The TRANSREG Procedure

Computational Resources

This section provides information about the computational resources required to use PROC TRANSREG.

Let

$\displaystyle  n  $
$\displaystyle  =  $
$\displaystyle  \mbox{number of observations}  $
$\displaystyle q  $
$\displaystyle  =  $
$\displaystyle  \mbox{number of expanded independent variables}  $
$\displaystyle r  $
$\displaystyle  =  $
$\displaystyle  \mbox{number of expanded dependent variables}  $
$\displaystyle k  $
$\displaystyle  =  $
$\displaystyle  \mbox{maximum spline degree}  $
$\displaystyle p  $
$\displaystyle  =  $
$\displaystyle  \mbox{maximum number of knots}  $

More than $56(q+r)$ plus the maximum of the data matrix size, the optimal scaling work space, and the covariance matrix size bytes of array space are required. The data matrix size is $8n(q+r)$ bytes. The optimal scaling work space requires less than $8(6n+(p+k+2)(p+k+11))$ bytes. The covariance matrix size is $4(q+r)(q+r+1)$ bytes.

PROC TRANSREG tries to store the original and transformed data in memory. If there is not enough memory, a utility data set is used, potentially resulting in a large increase in execution time. The amount of memory for the preceding data formulas is an underestimate of the amount of memory needed to handle most problems. These formulas give the absolute minimum amount of memory required. If a utility data set is used, and if memory can be used with perfect efficiency, then roughly the amount of memory stated previously is needed. In reality, most problems require at least two or three times the minimum.

PROC TRANSREG sorts the data once. The sort time is roughly proportional to $(q+r)n^{3/2}$.

One regression analysis per iteration is required to compute model parameters (or two canonical correlation analyses per iteration for METHOD=CANALS). The time required to accumulate the crossproducts matrix is roughly proportional to $n(q+r)^2$. The time required to compute the regression coefficients is roughly proportional to $q^3$.

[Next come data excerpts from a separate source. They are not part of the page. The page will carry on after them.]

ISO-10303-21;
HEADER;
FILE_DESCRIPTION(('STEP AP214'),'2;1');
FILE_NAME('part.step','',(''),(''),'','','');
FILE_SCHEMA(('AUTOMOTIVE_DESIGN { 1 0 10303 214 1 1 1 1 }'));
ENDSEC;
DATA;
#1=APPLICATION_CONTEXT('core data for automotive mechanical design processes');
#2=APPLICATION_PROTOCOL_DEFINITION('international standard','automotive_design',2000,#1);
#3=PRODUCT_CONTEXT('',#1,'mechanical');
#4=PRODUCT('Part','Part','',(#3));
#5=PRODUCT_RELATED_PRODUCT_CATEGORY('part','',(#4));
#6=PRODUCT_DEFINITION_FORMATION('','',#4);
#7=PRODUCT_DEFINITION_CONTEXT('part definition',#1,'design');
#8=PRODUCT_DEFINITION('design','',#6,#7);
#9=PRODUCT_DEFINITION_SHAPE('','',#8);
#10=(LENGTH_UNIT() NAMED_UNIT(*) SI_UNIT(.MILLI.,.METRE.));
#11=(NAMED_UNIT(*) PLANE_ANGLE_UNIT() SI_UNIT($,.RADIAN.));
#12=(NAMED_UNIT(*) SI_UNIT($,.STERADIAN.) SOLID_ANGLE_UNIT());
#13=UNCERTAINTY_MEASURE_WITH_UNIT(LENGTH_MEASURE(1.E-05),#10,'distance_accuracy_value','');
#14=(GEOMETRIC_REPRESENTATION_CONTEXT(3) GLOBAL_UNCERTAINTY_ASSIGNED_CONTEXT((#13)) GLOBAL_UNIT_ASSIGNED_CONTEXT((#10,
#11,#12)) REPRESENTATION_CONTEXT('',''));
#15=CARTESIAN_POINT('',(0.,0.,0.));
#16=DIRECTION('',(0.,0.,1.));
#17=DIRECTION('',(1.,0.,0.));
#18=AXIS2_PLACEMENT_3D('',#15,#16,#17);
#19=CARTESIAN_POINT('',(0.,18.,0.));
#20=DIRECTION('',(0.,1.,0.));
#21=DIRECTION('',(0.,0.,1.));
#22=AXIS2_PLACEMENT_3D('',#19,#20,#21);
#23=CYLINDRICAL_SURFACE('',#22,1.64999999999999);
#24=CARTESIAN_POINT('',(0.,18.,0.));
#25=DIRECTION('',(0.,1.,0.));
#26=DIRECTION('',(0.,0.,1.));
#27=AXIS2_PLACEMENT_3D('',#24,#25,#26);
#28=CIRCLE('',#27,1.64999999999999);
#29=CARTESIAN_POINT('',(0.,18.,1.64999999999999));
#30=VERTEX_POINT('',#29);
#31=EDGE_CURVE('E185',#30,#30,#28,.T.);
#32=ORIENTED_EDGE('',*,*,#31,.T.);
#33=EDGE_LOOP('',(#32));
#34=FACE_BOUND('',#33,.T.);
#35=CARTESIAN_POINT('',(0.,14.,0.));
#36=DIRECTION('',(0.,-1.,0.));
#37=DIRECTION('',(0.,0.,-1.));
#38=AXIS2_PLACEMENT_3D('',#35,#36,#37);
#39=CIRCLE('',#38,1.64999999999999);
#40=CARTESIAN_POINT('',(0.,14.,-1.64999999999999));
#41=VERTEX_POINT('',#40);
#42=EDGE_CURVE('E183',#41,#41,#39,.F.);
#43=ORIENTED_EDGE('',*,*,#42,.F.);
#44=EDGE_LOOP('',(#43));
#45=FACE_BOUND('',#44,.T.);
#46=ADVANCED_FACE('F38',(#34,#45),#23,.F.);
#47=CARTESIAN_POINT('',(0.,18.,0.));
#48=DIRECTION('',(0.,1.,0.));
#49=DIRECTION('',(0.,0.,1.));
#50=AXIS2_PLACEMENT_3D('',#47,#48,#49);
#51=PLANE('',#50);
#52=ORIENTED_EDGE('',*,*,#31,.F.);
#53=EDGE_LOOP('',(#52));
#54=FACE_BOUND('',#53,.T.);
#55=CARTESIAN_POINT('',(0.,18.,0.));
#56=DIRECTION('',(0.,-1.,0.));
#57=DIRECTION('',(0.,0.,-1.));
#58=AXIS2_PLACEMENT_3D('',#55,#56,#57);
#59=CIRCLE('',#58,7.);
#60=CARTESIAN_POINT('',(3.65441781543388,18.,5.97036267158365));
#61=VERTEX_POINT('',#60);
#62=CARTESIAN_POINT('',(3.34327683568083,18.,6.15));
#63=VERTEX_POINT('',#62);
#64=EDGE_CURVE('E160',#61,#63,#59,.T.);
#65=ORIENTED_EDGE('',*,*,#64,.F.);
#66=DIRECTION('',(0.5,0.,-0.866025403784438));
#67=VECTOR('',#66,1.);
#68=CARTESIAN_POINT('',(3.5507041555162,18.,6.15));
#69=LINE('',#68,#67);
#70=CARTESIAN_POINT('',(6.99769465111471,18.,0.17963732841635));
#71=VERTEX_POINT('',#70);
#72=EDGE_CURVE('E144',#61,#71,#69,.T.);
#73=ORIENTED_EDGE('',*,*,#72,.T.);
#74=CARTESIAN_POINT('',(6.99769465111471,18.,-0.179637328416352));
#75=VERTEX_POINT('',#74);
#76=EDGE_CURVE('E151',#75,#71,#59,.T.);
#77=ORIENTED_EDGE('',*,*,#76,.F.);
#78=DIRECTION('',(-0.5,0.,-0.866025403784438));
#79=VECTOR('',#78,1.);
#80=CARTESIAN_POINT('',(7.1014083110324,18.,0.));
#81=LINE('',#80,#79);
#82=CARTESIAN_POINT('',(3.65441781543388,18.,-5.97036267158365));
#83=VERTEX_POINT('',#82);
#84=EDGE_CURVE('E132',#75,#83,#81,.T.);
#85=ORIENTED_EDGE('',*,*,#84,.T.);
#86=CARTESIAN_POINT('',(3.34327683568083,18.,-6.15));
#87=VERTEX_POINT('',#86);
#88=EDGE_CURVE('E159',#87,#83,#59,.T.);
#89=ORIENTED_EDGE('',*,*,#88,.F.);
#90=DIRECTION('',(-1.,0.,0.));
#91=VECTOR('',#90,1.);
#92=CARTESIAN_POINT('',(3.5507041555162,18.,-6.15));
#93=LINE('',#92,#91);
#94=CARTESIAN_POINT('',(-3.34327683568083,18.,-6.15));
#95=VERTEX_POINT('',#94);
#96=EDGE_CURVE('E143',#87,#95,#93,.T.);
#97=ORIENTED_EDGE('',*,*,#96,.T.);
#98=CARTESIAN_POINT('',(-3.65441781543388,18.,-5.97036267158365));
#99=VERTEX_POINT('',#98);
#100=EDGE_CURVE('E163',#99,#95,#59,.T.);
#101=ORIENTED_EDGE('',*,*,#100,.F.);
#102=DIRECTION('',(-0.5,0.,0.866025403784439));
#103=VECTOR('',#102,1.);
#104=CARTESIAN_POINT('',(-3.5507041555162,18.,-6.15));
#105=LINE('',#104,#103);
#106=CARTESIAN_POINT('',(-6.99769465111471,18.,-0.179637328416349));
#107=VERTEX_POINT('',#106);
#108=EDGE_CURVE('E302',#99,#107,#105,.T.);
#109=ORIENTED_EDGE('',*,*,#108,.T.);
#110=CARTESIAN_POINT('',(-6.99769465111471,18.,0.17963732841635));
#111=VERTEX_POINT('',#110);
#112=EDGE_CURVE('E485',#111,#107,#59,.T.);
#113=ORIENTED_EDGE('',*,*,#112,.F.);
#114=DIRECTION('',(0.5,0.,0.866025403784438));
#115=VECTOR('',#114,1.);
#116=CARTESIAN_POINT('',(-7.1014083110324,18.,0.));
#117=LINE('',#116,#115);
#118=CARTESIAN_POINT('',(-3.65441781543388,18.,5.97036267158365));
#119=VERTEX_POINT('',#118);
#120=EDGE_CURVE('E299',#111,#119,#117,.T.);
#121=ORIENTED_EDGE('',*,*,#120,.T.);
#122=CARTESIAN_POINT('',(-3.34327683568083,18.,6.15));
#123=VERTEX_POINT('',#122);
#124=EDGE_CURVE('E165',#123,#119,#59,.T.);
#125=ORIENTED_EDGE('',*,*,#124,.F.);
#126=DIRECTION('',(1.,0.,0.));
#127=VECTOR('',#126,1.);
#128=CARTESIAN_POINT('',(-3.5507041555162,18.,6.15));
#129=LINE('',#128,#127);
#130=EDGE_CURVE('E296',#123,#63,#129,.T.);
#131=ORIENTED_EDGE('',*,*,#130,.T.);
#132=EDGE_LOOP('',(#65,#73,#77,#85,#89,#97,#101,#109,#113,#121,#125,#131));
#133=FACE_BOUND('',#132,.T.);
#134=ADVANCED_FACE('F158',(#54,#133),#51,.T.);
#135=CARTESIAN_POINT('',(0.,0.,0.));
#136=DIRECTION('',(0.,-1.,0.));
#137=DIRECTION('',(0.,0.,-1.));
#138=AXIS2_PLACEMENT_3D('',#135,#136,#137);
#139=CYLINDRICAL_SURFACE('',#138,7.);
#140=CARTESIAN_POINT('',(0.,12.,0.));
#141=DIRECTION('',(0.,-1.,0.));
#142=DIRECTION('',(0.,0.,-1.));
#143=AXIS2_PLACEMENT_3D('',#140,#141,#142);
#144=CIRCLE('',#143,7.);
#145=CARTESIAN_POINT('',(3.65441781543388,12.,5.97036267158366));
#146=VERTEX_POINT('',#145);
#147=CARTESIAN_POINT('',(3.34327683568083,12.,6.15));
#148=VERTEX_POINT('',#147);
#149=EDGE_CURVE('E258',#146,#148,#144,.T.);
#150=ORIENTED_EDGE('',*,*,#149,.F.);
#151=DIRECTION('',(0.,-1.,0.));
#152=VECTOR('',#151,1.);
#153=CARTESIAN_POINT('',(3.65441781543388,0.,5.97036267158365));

Each optimal scaling is a multiple regression problem, although some transformations are handled with faster special-case algorithms. The number of regressors for the optimal scaling problems depends on the original values of the variable and the type of transformation. For each monotone spline transformation, an unknown number of multiple regressions is required to find a set of coefficients that satisfies the constraints. The B-spline basis is generated twice for each SPLINE and MSPLINE transformation for each iteration. The time required to generate the B-spline basis is roughly proportional to $nk^2$.